First, for anyone interested, the StarcraftMarine website has some of the important boat specifications wrong. Here are the correct numbers, as confirmed by the Starcraft regional representative to me. (The rep said Starcraft is working to get the information on the website corrected.)

Freedom 160 (16'11", 89" beam):
Dry weight: 925 lb
Capacity - 6-Person (900lbs) 
Max Capacity- 1665 LB
89" Beam
Max HP: 75 tiller 90 console

Freedom 180 (18'6", 89" beam): 

Dry weight: 1005 lb
Capacity - 6-Person (900lbs) 
Max Capacity- 1840 LB
89" Beam
Max HP: 90 tiller 125 console

I am undecided re: the Freedom 160 or 180 for my needs. My uses will be mostly lake fishing for walleye, perch, bass, rainbows, landlocked salmon, and some flycasting for ol' Mr. Esox here in the Finger Lakes region of Central NY, with just me; or me plus one to two other guys (three total max).

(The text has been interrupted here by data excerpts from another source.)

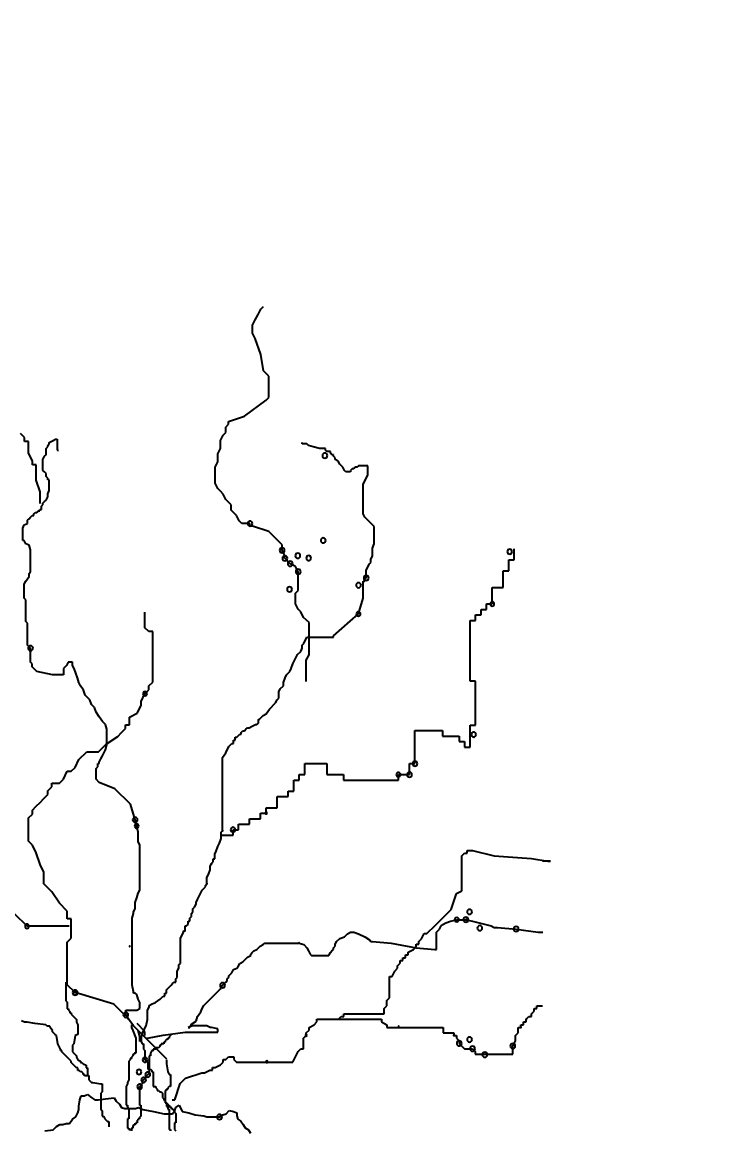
# Model space of a CAD drawing. Header units: millimetres. Extents: x 2391 to 3323, y 1596 to 2537.
# Drawn here: x 2480.773 to 2482.523, y 2458.529 to 2461.261 of the extents above; entities that cross this region are included whole.
import ezdxf

# ---------------------------------------------------------------- set-up
doc = ezdxf.new("R2010")
doc.units = ezdxf.units.MM
doc.layers.get('Defpoints').update_dxf_attribs({"color": 115})
doc.layers.add('dimensions', color=203, linetype='Continuous')
doc.layers.add('plants', color=250, linetype='Continuous')
doc.styles.get("Standard").update_dxf_attribs({"font": 'arial.ttf'})
doc.dimstyles.new('Copy of Standard', dxfattribs={"dimtxt": 0.5, "dimasz": 0.18, "dimexe": 0.18, "dimexo": 0.0625, "dimgap": 0.09, "dimtad": 0, "dimzin": 0, "dimdsep": 46, "dimtxsty": 'Standard', "dimcen": 0.09, "dimadec": 0, "dimazin": 0, "dimtfac": 1, "dimtofl": 0, "dimtmove": 0, "dimatfit": 3, "dimfxl": 1, "dimtolj": 1, "dimtzin": 0, "dimarcsym": 0})

# ---------------------------------------------------------------- blocks, each defined once
blk = doc.blocks.new('A$C55897DFD')
for p, q in [((518.3, 1218.6), (520.7, 1223.4)), ((520.7, 1223.4), (523.1, 1225.8)), ((513.4, 1208.9), (515.8, 1213.7)), ((515.8, 1213.7), (518.3, 1218.6)), ((513.4, 1201.6), (513.4, 1208.9)), ((515.8, 1196.8), (513.4, 1201.6)), ((520.7, 1182.3), (515.8, 1196.8)), ((523.1, 1167.8), (520.7, 1182.3)), ((525.5, 1165.3), (523.1, 1167.8)), ((527.9, 1162.9), (525.5, 1165.3)), ((527.9, 1143.6), (527.9, 1162.9)), ((506.1, 1126.6), (525.5, 1141.1)), ((525.5, 1141.1), (527.9, 1143.6)), ((491.6, 1121.8), (506.1, 1126.6)), ((491.6, 1119.4), (491.6, 1121.8)), ((486.8, 1109.7), (489.2, 1112.1)), ((489.2, 1116.9), (491.6, 1119.4)), ((489.2, 1112.1), (489.2, 1116.9)), ((307.5, 1107.5), (303.9, 1111)), ((307.5, 1104), (307.5, 1107.5)), ((311, 1104), (307.5, 1104)), ((311, 1093.4), (311, 1104)), ((328.4, 1100.3), (329.8, 1101.7)), ((329.8, 1103.1), (332.6, 1104.6)), ((329.8, 1101.7), (329.8, 1103.1)), ((332.6, 1104.6), (335.4, 1106)), ((335.4, 1106), (336.8, 1106)), ((336.8, 1106), (336.8, 1096.1)), ((484.3, 1104.8), (486.8, 1109.7)), ((484.3, 1097.6), (484.3, 1104.8)), ((558.2, 1101.7), (558.2, 1103.1)), ((562.4, 1101.7), (558.2, 1101.7)), ((563.8, 1100.3), (562.4, 1101.7)), ((314.5, 1086.4), (311, 1093.4)), ((325.6, 1090.5), (327, 1091.9)), ((327, 1097.5), (328.4, 1098.9)), ((327, 1091.9), (327, 1097.5)), ((328.4, 1098.9), (328.4, 1100.3)), ((336.8, 1096.1), (338.2, 1096.1)), ((481.9, 1092.7), (484.3, 1097.6)), ((481.9, 1085.5), (481.9, 1092.7)), ((568, 1098.9), (563.8, 1100.3)), ((573.7, 1097.5), (568, 1098.9)), ((579.3, 1097.5), (573.7, 1097.5)), ((579.3, 1096.1), (579.3, 1097.5)), ((580.7, 1094.7), (579.3, 1096.1)), ((583.6, 1094.7), (580.7, 1094.7)), ((583.6, 1093.3), (583.6, 1094.7)), ((585, 1091.9), (583.6, 1093.3)), ((586.4, 1091.9), (585, 1091.9)), ((586.4, 1090.5), (586.4, 1091.9)), ((314.5, 1082.9), (314.5, 1086.4)), ((318, 1082.9), (314.5, 1082.9)), ((318, 1068.9), (318, 1082.9)), ((324.1, 1087.7), (325.6, 1090.5)), ((324.1, 1077.8), (324.1, 1087.7)), ((479.5, 1080.6), (481.9, 1085.5)), ((587.8, 1089.1), (586.4, 1090.5)), ((587.8, 1087.7), (587.8, 1089.1)), ((590.6, 1086.2), (587.8, 1087.7)), ((592, 1083.4), (590.6, 1086.2)), ((594.8, 1080.6), (592, 1083.4)), ((608.9, 1082), (607.5, 1080.6)), ((617.4, 1082), (608.9, 1082)), ((617.4, 1073.6), (617.4, 1082)), ((325.6, 1076.4), (324.1, 1077.8)), ((327, 1075), (325.6, 1076.4)), ((327, 1072.2), (327, 1075)), ((328.4, 1070.8), (327, 1072.2)), ((479.5, 1066.1), (479.5, 1080.6)), ((596.2, 1077.8), (594.8, 1080.6)), ((597.6, 1076.4), (596.2, 1077.8)), ((601.9, 1076.4), (597.6, 1076.4)), ((603.3, 1079.2), (601.9, 1077.8)), ((601.9, 1077.8), (601.9, 1076.4)), ((604.7, 1079.2), (603.3, 1079.2)), ((606.1, 1080.6), (604.7, 1079.2)), ((607.5, 1080.6), (606.1, 1080.6)), ((616, 1070.8), (617.4, 1073.6)), ((321.5, 1058.4), (318, 1068.9)), ((328.4, 1069.3), (328.4, 1070.8)), ((329.8, 1069.3), (328.4, 1069.3)), ((329.8, 1059.5), (329.8, 1069.3)), ((481.9, 1061.3), (479.5, 1066.1)), ((484.3, 1058.9), (481.9, 1061.3)), ((613.2, 1065.1), (616, 1070.8)), ((613.2, 1038.4), (613.2, 1065.1)), ((321.5, 1047.9), (321.5, 1058.4)), ((325.6, 1049.6), (327, 1051)), ((327, 1051), (328.4, 1053.8)), ((328.4, 1056.7), (329.8, 1059.5)), ((328.4, 1053.8), (328.4, 1056.7)), ((486.8, 1056.4), (484.3, 1058.9)), ((489.2, 1051.6), (486.8, 1056.4)), ((494, 1046.8), (489.2, 1051.6)), ((318.5, 1039.8), (319.9, 1041.2)), ((319.9, 1041.2), (321.3, 1041.2)), ((321.3, 1042.6), (322.7, 1042.6)), ((321.3, 1041.2), (321.3, 1042.6)), ((322.7, 1045.4), (324.1, 1046.8)), ((322.7, 1042.6), (322.7, 1045.4)), ((324.1, 1048.2), (325.6, 1049.6)), ((324.1, 1046.8), (324.1, 1048.2)), ((494, 1041.9), (494, 1046.8)), ((498.9, 1037.1), (494, 1041.9)), ((310.1, 1032.7), (311.5, 1034.1)), ((310.1, 1029.9), (310.1, 1032.7)), ((311.5, 1034.1), (312.9, 1035.5)), ((312.9, 1035.5), (314.3, 1036.9)), ((314.3, 1036.9), (315.7, 1036.9)), ((315.7, 1038.4), (317.1, 1039.8)), ((315.7, 1036.9), (315.7, 1038.4)), ((317.1, 1039.8), (318.5, 1039.8)), ((501.3, 1032.2), (498.9, 1037.1)), ((503.7, 1029.8), (501.3, 1032.2)), ((614.6, 1035.5), (613.2, 1038.4)), ((618.8, 1031.3), (614.6, 1035.5)), ((623, 1027.1), (618.8, 1031.3)), ((305.8, 1025.7), (307.2, 1028.5)), ((305.8, 1014.4), (305.8, 1025.7)), ((307.2, 1028.5), (310.1, 1029.9)), ((511, 1029.8), (503.7, 1029.8)), ((511, 1027.4), (511, 1029.8)), ((513.4, 1027.4), (511, 1027.4)), ((527.9, 1022.6), (513.4, 1027.4)), ((532.8, 1017.7), (527.9, 1022.6)), ((623, 1011.6), (623, 1027.1)), ((307.2, 1014.4), (305.8, 1014.4)), ((308.6, 1011.6), (307.2, 1014.4)), ((311.5, 1010.2), (308.6, 1011.6)), ((537.6, 1012.9), (532.8, 1017.7)), ((540, 1010.5), (537.6, 1012.9)), ((621.6, 1007.4), (623, 1011.6)), ((312.9, 1006), (311.5, 1010.2)), ((312.9, 986.2), (312.9, 1006)), ((540, 1005.6), (540, 1010.5)), ((542.5, 1000.8), (540, 1005.6)), ((621.6, 1000.3), (621.6, 1007.4)), ((749.6, 997), (749.6, 1007)), ((542.5, 998.4), (542.5, 1000.8)), ((547.3, 993.5), (542.5, 998.4)), ((552.2, 991.1), (547.3, 993.5)), ((554.6, 986.3), (552.2, 991.1)), ((616, 987.6), (618.8, 993.3)), ((618.8, 993.3), (620.2, 994.7)), ((620.2, 997.5), (621.6, 1000.3)), ((620.2, 994.7), (620.2, 997.5)), ((744.6, 997), (749.6, 997)), ((744.6, 987.1), (744.6, 997)), ((308.6, 977.8), (311.5, 982)), ((311.5, 984.8), (312.9, 986.2)), ((311.5, 982), (311.5, 984.8)), ((554.6, 969.3), (554.6, 986.3)), ((616, 980.6), (616, 987.6)), ((739.6, 987.1), (744.6, 987.1)), ((739.6, 972.1), (739.6, 987.1)), ((307.2, 975), (308.6, 977.8)), ((307.2, 962.3), (307.2, 975)), ((613.2, 977.8), (614.6, 977.8)), ((613.2, 962.3), (613.2, 977.8)), ((614.6, 980.6), (616, 980.6)), ((614.6, 977.8), (614.6, 980.6)), ((729.7, 972.1), (739.6, 972.1)), ((729.7, 957.2), (729.7, 972.1)), ((308.6, 960.9), (307.2, 962.3)), ((552.2, 966.9), (554.6, 969.3)), ((552.2, 957.2), (552.2, 966.9)), ((608.9, 948.2), (613.2, 962.3)), ((308.6, 941.2), (308.6, 960.9)), ((554.6, 952.4), (552.2, 957.2)), ((557, 950), (554.6, 952.4)), ((719.7, 952.3), (724.7, 952.3)), ((719.7, 947.3), (719.7, 952.3)), ((724.7, 957.2), (729.7, 957.2)), ((724.7, 952.3), (724.7, 957.2)), ((310.1, 939.7), (308.6, 941.2)), ((416.2, 935.7), (416.2, 949.8)), ((559.4, 945.1), (557, 950)), ((564.3, 940.3), (559.4, 945.1)), ((586.4, 928.5), (608.9, 948.2)), ((709.7, 942.3), (714.7, 942.3)), ((709.7, 887.6), (709.7, 942.3)), ((714.7, 947.3), (719.7, 947.3)), ((714.7, 942.3), (714.7, 947.3)), ((310.1, 920), (310.1, 939.7)), ((419.7, 932.2), (416.2, 935.7)), ((423.2, 932.2), (419.7, 932.2)), ((423.2, 886.7), (423.2, 932.2)), ((564.3, 911.3), (564.3, 940.3)), ((558.2, 920), (559.6, 921.4)), ((559.6, 921.4), (562.4, 927.1)), ((562.4, 927.1), (586.4, 927.1)), ((586.4, 927.1), (586.4, 928.5)), ((311.5, 918.6), (310.1, 920)), ((312.9, 917.2), (311.5, 918.6)), ((312.9, 904.5), (312.9, 917.2)), ((549.7, 903.1), (553.9, 911.6)), ((553.9, 911.6), (556.8, 914.4)), ((556.8, 914.4), (558.2, 917.2)), ((558.2, 917.2), (558.2, 920)), ((561.8, 906.4), (564.3, 911.3)), ((314.3, 903.1), (312.9, 904.5)), ((314.3, 900.3), (314.3, 903.1)), ((345.3, 901.7), (342.5, 898.9)), ((346.7, 904.5), (345.3, 901.7)), ((350.9, 904.5), (346.7, 904.5)), ((350.9, 901.7), (350.9, 904.5)), ((352.3, 898.9), (350.9, 901.7)), ((548.3, 898.9), (549.7, 903.1)), ((561.8, 887.1), (561.8, 906.4)), ((315.7, 898.9), (314.3, 900.3)), ((318.5, 896.1), (315.7, 898.9)), ((332.6, 893.3), (318.5, 896.1)), ((342.5, 893.3), (332.6, 893.3)), ((342.5, 898.9), (342.5, 893.3)), ((353.8, 894.7), (352.3, 898.9)), ((355.2, 890.4), (353.8, 894.7)), ((542.7, 890.4), (544.1, 893.3)), ((544.1, 893.3), (546.9, 896.1)), ((546.9, 896.1), (548.3, 898.9)), ((356.6, 886.2), (355.2, 890.4)), ((358, 883.4), (356.6, 886.2)), ((360.8, 879.2), (358, 883.4)), ((419.7, 883.2), (423.2, 886.7)), ((419.7, 879.7), (419.7, 883.2)), ((538.4, 880.6), (541.3, 883.4)), ((541.3, 886.2), (542.7, 890.4)), ((541.3, 883.4), (541.3, 886.2)), ((714.7, 887.6), (709.7, 887.6)), ((714.7, 847.8), (714.7, 887.6)), ((362.2, 874.9), (360.8, 879.2)), ((366.4, 870.7), (362.2, 874.9)), ((412.7, 869.1), (416.2, 876.2)), ((416.2, 876.2), (419.7, 879.7)), ((535.6, 870.7), (537, 872.1)), ((537, 877.8), (538.4, 880.6)), ((537, 872.1), (537, 877.8)), ((367.9, 866.5), (366.4, 870.7)), ((370.7, 863.7), (367.9, 866.5)), ((372.1, 859.5), (370.7, 863.7)), ((409.2, 858.6), (412.7, 865.6)), ((412.7, 865.6), (412.7, 869.1)), ((525.7, 858), (528.6, 862.3)), ((528.6, 862.3), (534.2, 867.9)), ((534.2, 867.9), (535.6, 870.7)), ((374.9, 855.2), (372.1, 859.5)), ((377.7, 851), (374.9, 855.2)), ((380.5, 848.2), (377.7, 851)), ((402.2, 855.1), (409.2, 858.6)), ((402.2, 848.1), (402.2, 855.1)), ((518.7, 852.4), (520.1, 853.8)), ((518.7, 849.6), (518.7, 852.4)), ((520.1, 853.8), (522.9, 856.6)), ((522.9, 856.6), (525.7, 858)), ((381.9, 844), (380.5, 848.2)), ((381.9, 829.9), (381.9, 844)), ((391.6, 837.6), (395.1, 841.1)), ((395.1, 841.1), (398.7, 844.6)), ((398.7, 848.1), (402.2, 848.1)), ((398.7, 844.6), (398.7, 848.1)), ((503.2, 841.1), (504.6, 842.6)), ((503.2, 839.7), (503.2, 841.1)), ((504.6, 842.6), (506, 842.6)), ((506, 842.6), (507.4, 844)), ((507.4, 844), (508.8, 845.4)), ((508.8, 845.4), (510.2, 845.4)), ((510.2, 845.4), (513.1, 846.8)), ((513.1, 846.8), (515.9, 848.2)), ((515.9, 848.2), (517.3, 848.2)), ((517.3, 848.2), (518.7, 849.6)), ((660, 842.9), (684.9, 842.9)), ((660, 813), (660, 842.9)), ((684.9, 842.9), (684.9, 837.9)), ((709.7, 847.8), (714.7, 847.8)), ((709.7, 827.9), (709.7, 847.8)), ((381.1, 830.6), (391.6, 837.6)), ((493.3, 829.9), (494.7, 831.3)), ((494.7, 831.3), (496.1, 831.3)), ((496.1, 834.1), (497.6, 834.1)), ((496.1, 831.3), (496.1, 834.1)), ((497.6, 836.9), (499, 836.9)), ((497.6, 834.1), (497.6, 836.9)), ((499, 836.9), (501.8, 839.7)), ((501.8, 839.7), (503.2, 839.7)), ((684.9, 837.9), (699.8, 837.9)), ((699.8, 837.9), (699.8, 832.9)), ((699.8, 832.9), (704.8, 832.9)), ((704.8, 832.9), (704.8, 827.9)), ((356.6, 816.6), (363.6, 823.6)), ((363.6, 823.6), (374.1, 823.6)), ((374.1, 823.6), (381.1, 830.6)), ((377.7, 820), (380.5, 825.6)), ((380.5, 825.6), (381.9, 829.9)), ((486.3, 818.6), (489.1, 822.8)), ((489.1, 822.8), (491.9, 828.5)), ((491.9, 828.5), (493.3, 829.9)), ((704.8, 827.9), (709.7, 827.9)), ((353.1, 809.6), (356.6, 816.6)), ((373.5, 813), (374.9, 813)), ((373.5, 810.2), (373.5, 813)), ((374.9, 814.4), (376.3, 817.2)), ((374.9, 813), (374.9, 814.4)), ((376.3, 817.2), (377.7, 820)), ((486.3, 752.4), (486.3, 818.6)), ((560.4, 813), (580.3, 813)), ((560.4, 803.1), (560.4, 813)), ((580.3, 813), (580.3, 803.1)), ((655, 813), (660, 813)), ((655, 803.1), (655, 813)), ((342.5, 799), (346, 806.1)), ((346, 806.1), (349.5, 806.1)), ((349.5, 806.1), (353.1, 809.6)), ((372.1, 808.7), (373.5, 810.2)), ((372.1, 798.9), (372.1, 808.7)), ((555.5, 803.1), (560.4, 803.1)), ((555.5, 798.1), (555.5, 803.1)), ((580.3, 803.1), (595.3, 803.1)), ((595.3, 803.1), (595.3, 798.1)), ((645, 803.1), (655, 803.1)), ((645, 798.1), (645, 803.1)), ((328.5, 788.5), (332, 792)), ((332, 795.5), (339, 795.5)), ((332, 792), (332, 795.5)), ((339, 795.5), (342.5, 799)), ((374.9, 796.1), (372.1, 798.9)), ((389, 790.4), (374.9, 796.1)), ((550.5, 798.1), (555.5, 798.1)), ((550.5, 788.2), (550.5, 798.1)), ((595.3, 798.1), (645, 798.1)), ((321.5, 778), (325, 781.5)), ((325, 781.5), (328.5, 785)), ((328.5, 785), (328.5, 788.5)), ((403.1, 776.3), (389, 790.4)), ((535.6, 773.2), (535.6, 783.2)), ((535.6, 783.2), (545.5, 783.2)), ((545.5, 788.2), (550.5, 788.2)), ((545.5, 783.2), (545.5, 788.2)), ((314.5, 771), (318, 774.5)), ((314.5, 767.5), (314.5, 771)), ((318, 774.5), (321.5, 778)), ((407.3, 762.3), (403.1, 776.3)), ((525.6, 773.2), (535.6, 773.2)), ((525.6, 768.3), (525.6, 773.2)), ((311, 764), (314.5, 767.5)), ((311, 743), (311, 764)), ((408.7, 756.6), (407.3, 762.3)), ((510.7, 763.3), (520.6, 763.3)), ((510.7, 758.3), (510.7, 763.3)), ((520.6, 768.3), (525.6, 768.3)), ((520.6, 763.3), (520.6, 768.3)), ((410.1, 751), (408.7, 756.6)), ((410.1, 742.5), (410.1, 751)), ((484.9, 751), (486.3, 752.4)), ((484.9, 745.4), (484.9, 751)), ((495.7, 753.3), (500.7, 753.3)), ((495.7, 748.4), (495.7, 753.3)), ((500.7, 758.3), (510.7, 758.3)), ((500.7, 753.3), (500.7, 758.3)), ((314.5, 739.5), (311, 743)), ((411.6, 739.7), (410.1, 742.5)), ((482, 738.3), (483.5, 741.1)), ((483.5, 741.1), (484.9, 745.4)), ((485.8, 748.4), (495.7, 748.4)), ((318, 732.5), (314.5, 739.5)), ((321.5, 721.9), (318, 732.5)), ((411.6, 698.9), (411.6, 739.7)), ((479.2, 731.3), (480.6, 734.1)), ((479.2, 727), (479.2, 731.3)), ((480.6, 734.1), (482, 738.3)), ((702.3, 729.8), (704.7, 732.2)), ((704.7, 732.2), (707.1, 732.2)), ((707.1, 732.2), (707.1, 734.6)), ((707.1, 734.6), (712, 734.6)), ((712, 734.6), (731.4, 729.8)), ((325, 714.9), (321.5, 721.9)), ((475, 720), (476.4, 722.8)), ((476.4, 722.8), (477.8, 724.2)), ((477.8, 724.2), (477.8, 727)), ((477.8, 727), (479.2, 727)), ((702.3, 698.3), (702.3, 729.8)), ((731.4, 729.8), (765.3, 727.4)), ((765.3, 727.4), (779.8, 724.9)), ((782.2, 724.9), (775, 724.9)), ((779.8, 724.9), (782.2, 724.9)), ((325, 704.4), (325, 714.9)), ((472.2, 710.1), (473.6, 713)), ((473.6, 713), (475, 717.2)), ((475, 717.2), (475, 720)), ((332, 697.4), (325, 704.4)), ((469.4, 700.3), (470.8, 701.7)), ((470.8, 703.1), (472.2, 704.5)), ((470.8, 701.7), (470.8, 703.1)), ((472.2, 704.5), (472.2, 710.1)), ((339, 686.9), (332, 697.4)), ((407.3, 687.6), (408.7, 691.8)), ((408.7, 691.8), (410.1, 696.1)), ((410.1, 696.1), (411.6, 698.9)), ((463.7, 690.4), (467.9, 698.9)), ((467.9, 698.9), (469.4, 700.3)), ((692.6, 681.4), (697.5, 695.9)), ((697.5, 695.9), (702.3, 698.3)), ((346, 679.9), (339, 686.9)), ((405.9, 679.1), (407.3, 682)), ((407.3, 682), (407.3, 687.6)), ((459.5, 682), (460.9, 683.4)), ((459.5, 679.1), (459.5, 682)), ((460.9, 683.4), (462.3, 686.2)), ((462.3, 687.6), (463.7, 690.4)), ((462.3, 686.2), (462.3, 687.6)), ((687.8, 676.5), (692.6, 681.4)), ((309.7, 666.2), (298.8, 677)), ((346, 672.9), (346, 679.9)), ((349.5, 672.9), (346, 672.9)), ((349.5, 655.4), (349.5, 672.9)), ((404.5, 673.5), (405.9, 677.7)), ((404.5, 612.9), (404.5, 673.5)), ((405.9, 677.7), (405.9, 679.1)), ((455.3, 667.9), (455.3, 670.7)), ((455.3, 670.7), (456.7, 670.7)), ((456.7, 673.5), (458.1, 674.9)), ((456.7, 670.7), (456.7, 673.5)), ((458.1, 677.7), (459.5, 679.1)), ((458.1, 674.9), (458.1, 677.7)), ((680.5, 669.3), (682.9, 671.7)), ((682.9, 671.7), (687.8, 676.5)), ((687.9, 669.3), (692.1, 670.7)), ((692.1, 670.7), (697.7, 672.1)), ((697.7, 672.1), (706.2, 672.1)), ((706.2, 672.1), (711.8, 670.7)), ((711.8, 670.7), (728.8, 666.5)), ((347.7, 666.2), (309.7, 666.2)), ((448.2, 655.2), (451, 660.8)), ((451, 660.8), (451, 662.2)), ((451, 662.2), (452.4, 662.2)), ((452.4, 662.2), (452.4, 666.5)), ((452.4, 666.5), (453.8, 666.5)), ((453.8, 666.5), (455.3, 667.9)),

I also plan to do some light duty puddle duck hunting in a slow flowing river system or nearshore large lake environment: no layout boat on board: me, one dog, and two other guys; or, me, one other guy, plus two dogs. 

It seems to me that the 160 may be enough boat for my needs, but I would hate to be "short." The difference is two feet in length only: beam, seating, and storage configuration are the same in both boats.
Would you folks recommend me upsizing to the Freedom 180?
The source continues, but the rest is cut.